La loi de 1990 prévoit un nouvel article L-333-2 du Code de la Santé Publique ainsi rédigé :

‘"A titre exceptionnel et en cas de péril imminent pour la santé du malade dûment constaté par le médecin, le directeur de l’établissement pourra prononcer l’admission au vu d’un seul certificat émanant éventuellement d’un médecin exerçant dans l’établissement d’accueil". 1227

En cas de danger imminent, des procédures simplifiées permettent de mettre en œuvre une HDT sur présentation d'un seul certificat médical (associé à une demande d'admission) ou une HO par simple arrêté du maire (qui, à défaut de certificat médical, peut être prononcée lorsque le péril imminent est attesté par la seule notoriété publique). Cette disposition est conçue par plusieurs députés comme les rapporteurs du projet de loi initial comme un "progrès pour les urgences"1228. A la lecture des débats parlementaires préalables à son adoption, force est de constater que la dérive pratique d’une généralisation des procédures d’hospitalisation sur demande d’un tiers est invoquée par certains députés1229. Nous nous efforcerons d’interroger le bilan officiel de la pratique des mesures d’urgences, afin de saisir les effets mesurables de la loi de 1990.

Notes
1227.

Les directives ministérielles du 13 mai 1991 rappellent que "la référence au péril imminent en cas de certificat unique est indispensable" et "peut éventuellement être complété par la nature des soins donnés avant l’arrivée de la personne dans l’établissement dont les effets peuvent modifier les signes cliniques" (Directives ministérielles pour l’interprétation et l’application de la loi du 27 juin 1990, op. cit., p. 560).

1228.

Monsieur Chouat propose un amendement n°16 visant la suppression du deuxième certificat de 24 h en cas d’urgence ; il rappelle que jusque là, aucun certificat n’est exigé.
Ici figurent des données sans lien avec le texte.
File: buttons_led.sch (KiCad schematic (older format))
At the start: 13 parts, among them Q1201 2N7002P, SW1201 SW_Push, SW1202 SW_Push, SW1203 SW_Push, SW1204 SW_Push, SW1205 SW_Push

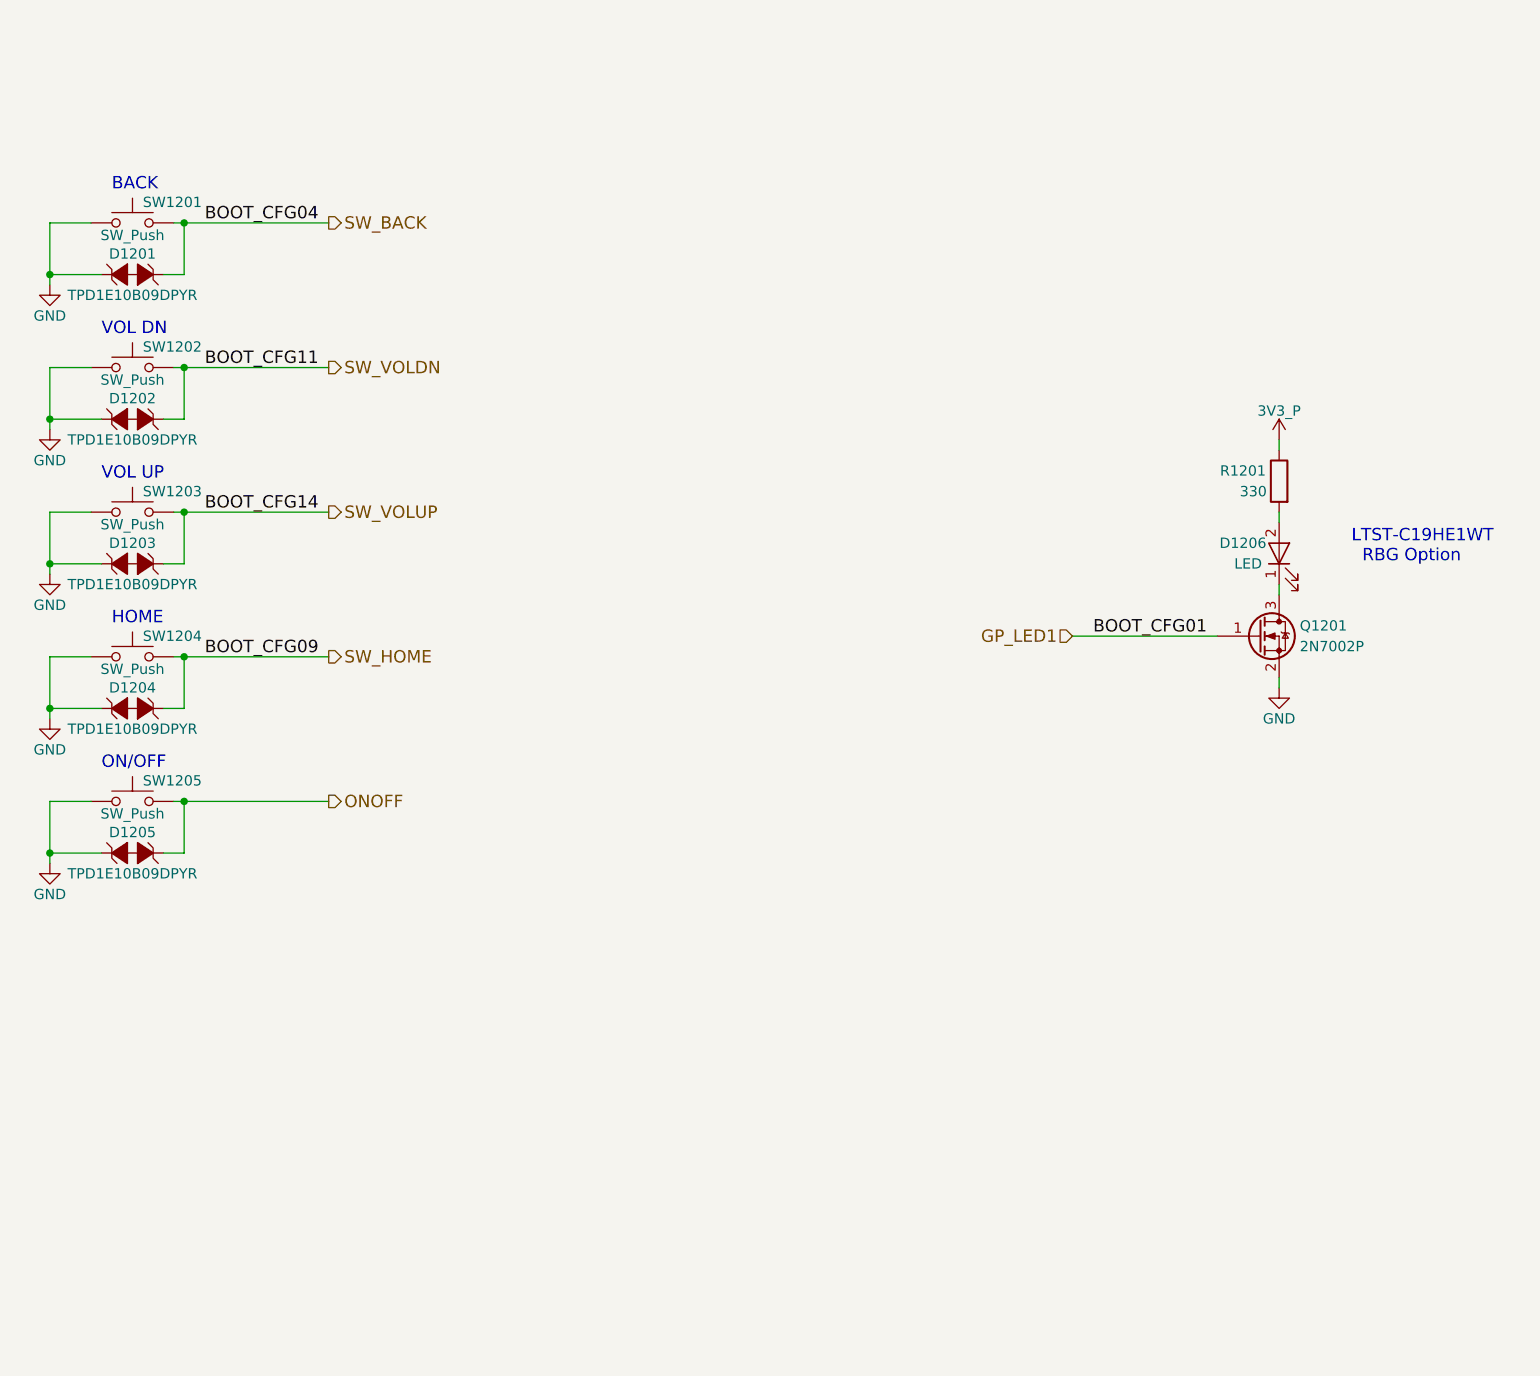
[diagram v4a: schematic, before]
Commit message: Add USB type C circuit with DRP PD capability, should sink near 2A @ 5-6.5V and source 550mA @ 5V
Removed the reverse current protection circuit from the last commit due to the requirement changing to only 18650 battery and USB-C being possible power sources

Next thing to add is the charging circuit when the USB-C is in sink mode/role
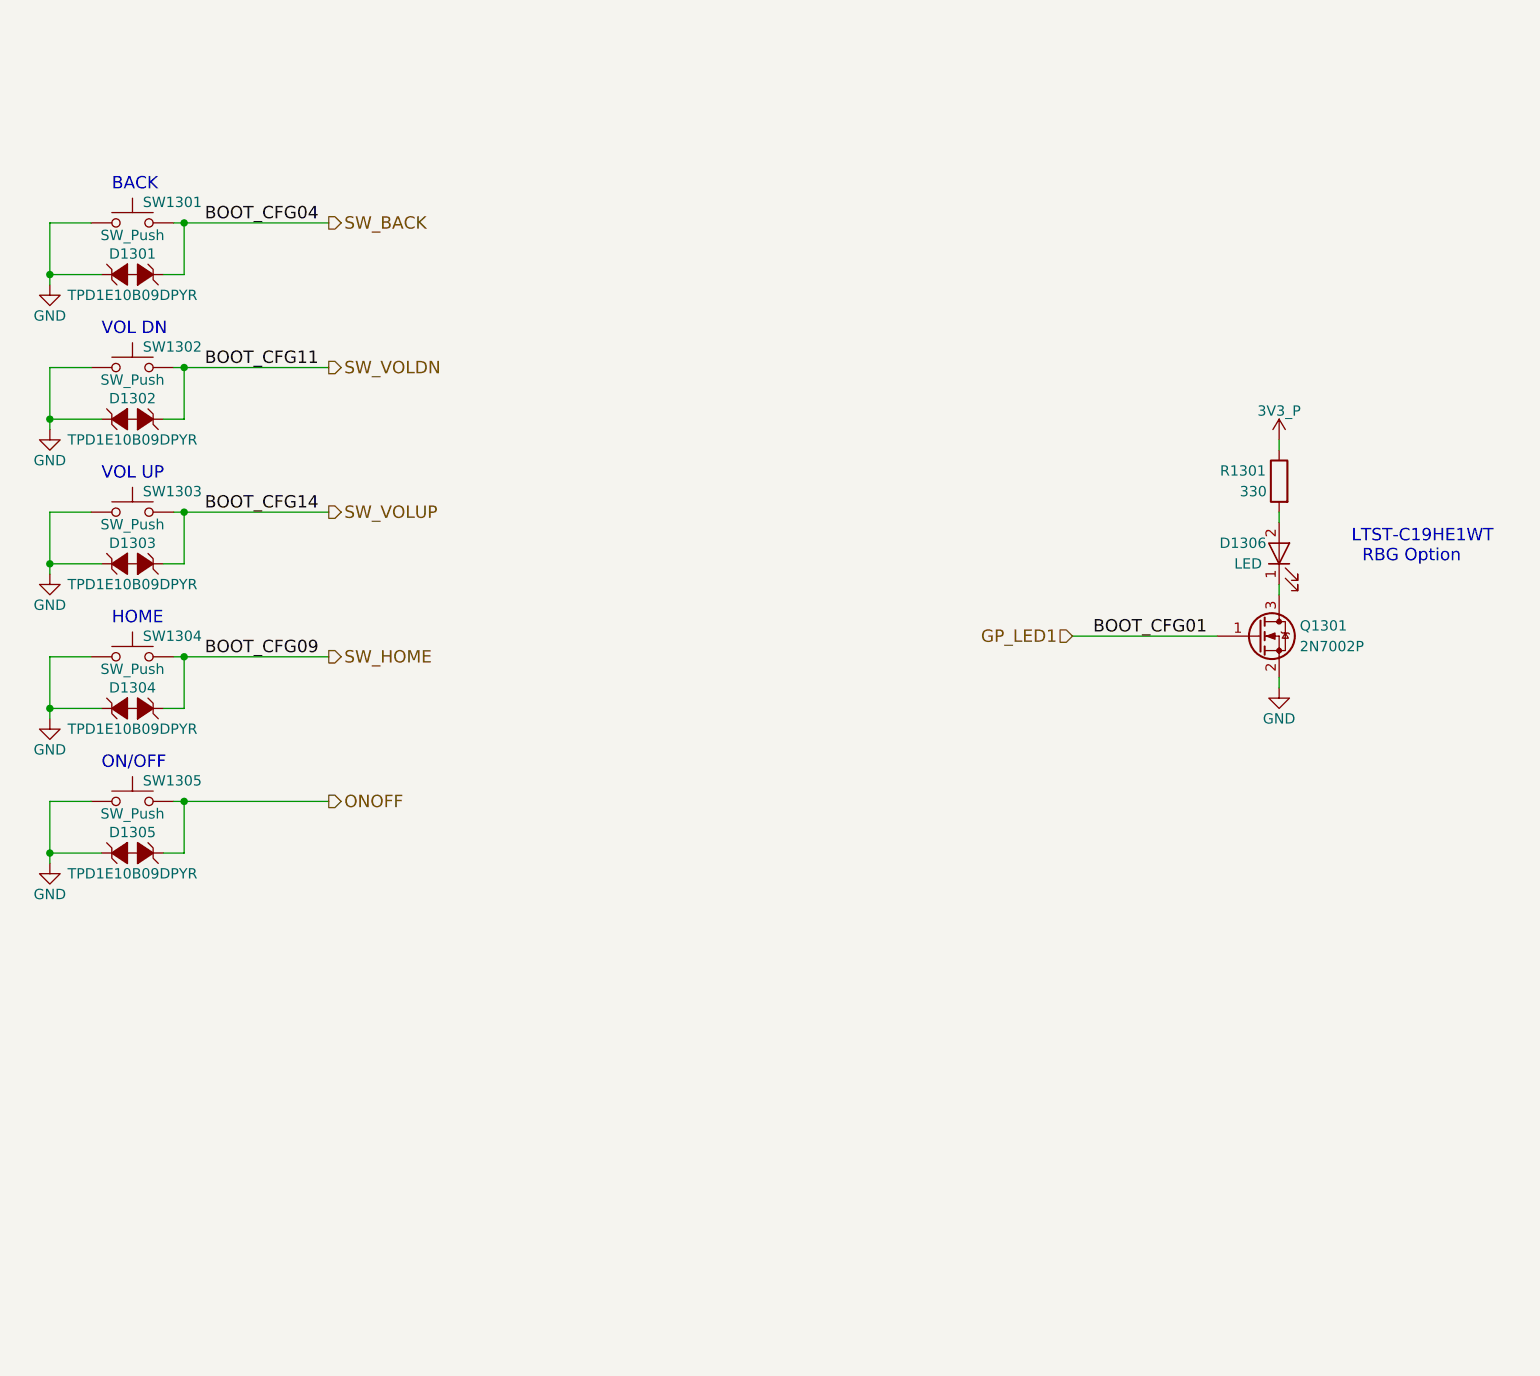
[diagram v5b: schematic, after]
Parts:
- renumbered D1201 to D1301, D1202 to D1302, D1203 to D1303, D1204 to D1304, D1205 to D1305, D1206 to D1306, Q1201 to Q1301, R1201 to R1301, SW1201 to SW1301, SW1202 to SW1302, SW1203 to SW1303, SW1204 to SW1304, SW1205 to SW1305
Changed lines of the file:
@@
 $Descr A4 11693 8268
 encoding utf-8
-Sheet 12 14
+Sheet 13 15
 Title "Buttons & LED"
-Date "2018-04-18"
+Date "2018-04-19"
 Rev "v0.1.0"
 Comp "Purism SPC"
@@
 $EndDescr
 $Comp
-L SW_Push SW1201
+L SW_Push SW1301
 U 1 1 5ACC398C
 P 3200 1700
-F 0 "SW1201" H 3250 1800 50  0000 L CNN
+F 0 "SW1301" H 3250 1800 50  0000 L CNN
 F 1 "SW_Push" H 3200 1640 50  0000 C CNN
 F 2 "" H 3200 1900 50  0001 C CNN
@@
 $EndComp
 $Comp
-L SW_Push SW1202
+L SW_Push SW1302
 U 1 1 5ACC39A6
 P 3200 2400
-F 0 "SW1202" H 3250 2500 50  0000 L CNN
+F 0 "SW1302" H 3250 2500 50  0000 L CNN
 F 1 "SW_Push" H 3200 2340 50  0000 C CNN
 F 2 "" H 3200 2600 50  0001 C CNN
@@
 $EndComp
 $Comp
-L SW_Push SW1203
+L SW_Push SW1303
 U 1 1 5ACC3A06
 P 3200 3100
-F 0 "SW1203" H 3250 3200 50  0000 L CNN
+F 0 "SW1303" H 3250 3200 50  0000 L CNN
 F 1 "SW_Push" H 3200 3040 50  0000 C CNN
 F 2 "" H 3200 3300 50  0001 C CNN
@@
 $EndComp
 $Comp
-L SW_Push SW1204
+L SW_Push SW1304
 U 1 1 5ACC3A3E
 P 3200 3800
-F 0 "SW1204" H 3250 3900 50  0000 L CNN
+F 0 "SW1304" H 3250 3900 50  0000 L CNN
 F 1 "SW_Push" H 3200 3740 50  0000 C CNN
 F 2 "" H 3200 4000 50  0001 C CNN
@@
 $EndComp
 $Comp
-L SW_Push SW1205
+L SW_Push SW1305
 U 1 1 5ACC3AC2
 P 3200 4500
-F 0 "SW1205" H 3250 4600 50  0000 L CNN
+F 0 "SW1305" H 3250 4600 50  0000 L CNN
 F 1 "SW_Push" H 3200 4440 50  0000 C CNN
 F 2 "" H 3200 4700 50  0001 C CNN
@@
 $EndComp
 $Comp
-L TVS_DIODE D1201
+L TVS_DIODE D1301
 U 1 1 5ACC3B61
 P 3200 1950
-F 0 "D1201" H 3200 2050 50  0000 C CNN
+F 0 "D1301" H 3200 2050 50  0000 C CNN
 F 1 "TPD1E10B09DPYR" H 3200 1850 50  0000 C CNN
 F 2 "" H 3300 1950 50  0001 C CNN
@@
 $EndComp
 $Comp
-L TVS_DIODE D1202
+L TVS_DIODE D1302
 U 1 1 5ACC3BD8
 P 3200 2650
-F 0 "D1202" H 3200 2750 50  0000 C CNN
+F 0 "D1302" H 3200 2750 50  0000 C CNN
 F 1 "TPD1E10B09DPYR" H 3200 2550 50  0000 C CNN
 F 2 "" H 3300 2650 50  0001 C CNN
@@
 $EndComp
 $Comp
-L TVS_DIODE D1203
+L TVS_DIODE D1303
 U 1 1 5ACC3D42
 P 3200 3350
-F 0 "D1203" H 3200 3450 50  0000 C CNN
+F 0 "D1303" H 3200 3450 50  0000 C CNN
 F 1 "TPD1E10B09DPYR" H 3200 3250 50  0000 C CNN
 F 2 "" H 3300 3350 50  0001 C CNN
@@
 $EndComp
 $Comp
-L TVS_DIODE D1204
+L TVS_DIODE D1304
 U 1 1 5ACC3EAF
 P 3200 4050
-F 0 "D1204" H 3200 4150 50  0000 C CNN
+F 0 "D1304" H 3200 4150 50  0000 C CNN
 F 1 "TPD1E10B09DPYR" H 3200 3950 50  0000 C CNN
 F 2 "" H 3300 4050 50  0001 C CNN
@@
 $EndComp
 $Comp
-L TVS_DIODE D1205
+L TVS_DIODE D1305
 U 1 1 5ACC3FE9
 P 3200 4750
-F 0 "D1205" H 3200 4850 50  0000 C CNN
+F 0 "D1305" H 3200 4850 50  0000 C CNN
 F 1 "TPD1E10B09DPYR" H 3200 4650 50  0000 C CNN
 F 2 "" H 3300 4750 50  0001 C CNN
@@
 	2800 1700 3000 1700
 $Comp
-L GND #PWR0153
+L GND #PWR0184
 U 1 1 5ACC4A3B
 P 2800 2000
-F 0 "#PWR0153" H 2800 1750 50  0001 C CNN
+F 0 "#PWR0184" H 2800 1750 50  0001 C CNN
 F 1 "GND" H 2800 1850 50  0000 C CNN
 F 2 "" H 2800 2000 50  0001 C CNN
@@
 	2800 2400 3000 2400
 $Comp
-L GND #PWR0154
+L GND #PWR0185
 U 1 1 5ACC4CAE
 P 2800 2700
-F 0 "#PWR0154" H 2800 2450 50  0001 C CNN
+F 0 "#PWR0185" H 2800 2450 50  0001 C CNN
 F 1 "GND" H 2800 2550 50  0000 C CNN
 F 2 "" H 2800 2700 50  0001 C CNN
@@
 	2800 3100 3000 3100
 $Comp
-L GND #PWR0155
+L GND #PWR0186
 U 1 1 5ACC4CDD
 P 2800 3400
-F 0 "#PWR0155" H 2800 3150 50  0001 C CNN
+F 0 "#PWR0186" H 2800 3150 50  0001 C CNN
 F 1 "GND" H 2800 3250 50  0000 C CNN
 F 2 "" H 2800 3400 50  0001 C CNN
@@
 	2800 3800 3000 3800
 $Comp
-L GND #PWR0156
+L GND #PWR0187
 U 1 1 5ACC4E99
 P 2800 4100
-F 0 "#PWR0156" H 2800 3850 50  0001 C CNN
+F 0 "#PWR0187" H 2800 3850 50  0001 C CNN
 F 1 "GND" H 2800 3950 50  0000 C CNN
 F 2 "" H 2800 4100 50  0001 C CNN
@@
 	2800 4500 3000 4500
 $Comp
-L GND #PWR0157
+L GND #PWR0188
 U 1 1 5ACC4EB3
 P 2800 4800
-F 0 "#PWR0157" H 2800 4550 50  0001 C CNN
+F 0 "#PWR0188" H 2800 4550 50  0001 C CNN
 F 1 "GND" H 2800 4650 50  0000 C CNN
 F 2 "" H 2800 4800 50  0001 C CNN
@@
 Connection ~ 3450 4500
 $Comp
-L LED D1206
+L LED D1306
 U 1 1 5ACC7C6F
 P 8750 3300
-F 0 "D1206" V 8800 3475 50  0000 C CNN
+F 0 "D1306" V 8800 3475 50  0000 C CNN
 F 1 "LED" V 8700 3450 50  0000 C CNN
 F 2 "" H 8750 3300 50  0001 C CNN
@@
 $EndComp
 $Comp
-L Q_NMOS_GSD Q1201
+L Q_NMOS_GSD Q1301
 U 1 1 5ACC7CF3
 P 8650 3700
-F 0 "Q1201" H 8850 3750 50  0000 L CNN
+F 0 "Q1301" H 8850 3750 50  0000 L CNN
 F 1 "2N7002P" H 8850 3650 50  0000 L CNN
 F 2 "" H 8850 3800 50  0001 C CNN
@@
 $EndComp
 $Comp
-L GND #PWR0158
+L GND #PWR0189
 U 1 1 5ACC7D2C
 P 8750 3950
-F 0 "#PWR0158" H 8750 3700 50  0001 C CNN
+F 0 "#PWR0189" H 8750 3700 50  0001 C CNN
 F 1 "GND" H 8750 3800 50  0000 C CNN
 F 2 "" H 8750 3950 50  0001 C CNN
@@
 $EndComp
 $Comp
-L R R1201
+L R R1301
 U 1 1 5ACC7E2E
 P 8750 2950
-F 0 "R1201" H 8925 3000 50  0000 C CNN
+F 0 "R1301" H 8925 3000 50  0000 C CNN
 F 1 "330" H 8875 2900 50  0000 C CNN
 F 2 "" V 8680 2950 50  0001 C CNN
@@
 LTST-C19HE1WT\n  RBG Option
 $Comp
-L 3V3_P #PWR0159
+L 3V3_P #PWR0190
 U 1 1 5AEA32FD
 P 8750 2750
-F 0 "#PWR0159" H 8750 2600 50  0001 C CNN
+F 0 "#PWR0190" H 8750 2600 50  0001 C CNN
 F 1 "3V3_P" H 8750 2890 50  0000 C CNN
 F 2 "" H 8750 2750 50  0001 C CNN

En effet, l’article 8 de la loi de 1838 prévoit que les chefs des établissements publics peuvent se dispenser d’exiger le certificat du médecin en cas d’urgence. Jacques Toubon s’accorde à penser que c’est un progrès pour les urgences tandis que les opposants à cette suppression mettent en avant la défense des Droits des malades ; Madame Boutin voit par exemple en cette suppression "une atteinte à la garantie des Droits du malade" (Débats parlementaires, op. cit., p. 1313). Deux amendements annulant le premier certificat en cas d’urgence sont finalement adoptés à l’Assemblée nationale (Débats parlementaires, op. cit., pp. 1347-1348).

1229.

Pour répondre aux opposants à la suppression du second certificat en cas d’urgence, le Ministre Claude Evin renvoie à l’examen de régularité de la commission départementale des hospitalisations psychiatriques. André Clert, député socialiste, élu local et médecin de la santé publique ayant participé au lancement de la sectorisation, affirme à l’occasion des débats parlementaires préalables à la loi de 1990 que "toute l’évolution de la situation du malade dépend de celui qui a permis le déclenchement de la procédure". L’expérience montre d’après lui que le médecin redoute à faire un certificat médical pour un malade qui n’a pas d’antécédents connus : trouver un second médecin paraîtrait illusoire. Monsieur Clert craint que "la difficulté à trouver un second médecin soit rapidement tournée par la déclaration, soit qu’il y a urgence, soit, ce qui serait encore plus grave, que le placement d’office s’impose" (Débats parlementaires, op. cit., p. 1318)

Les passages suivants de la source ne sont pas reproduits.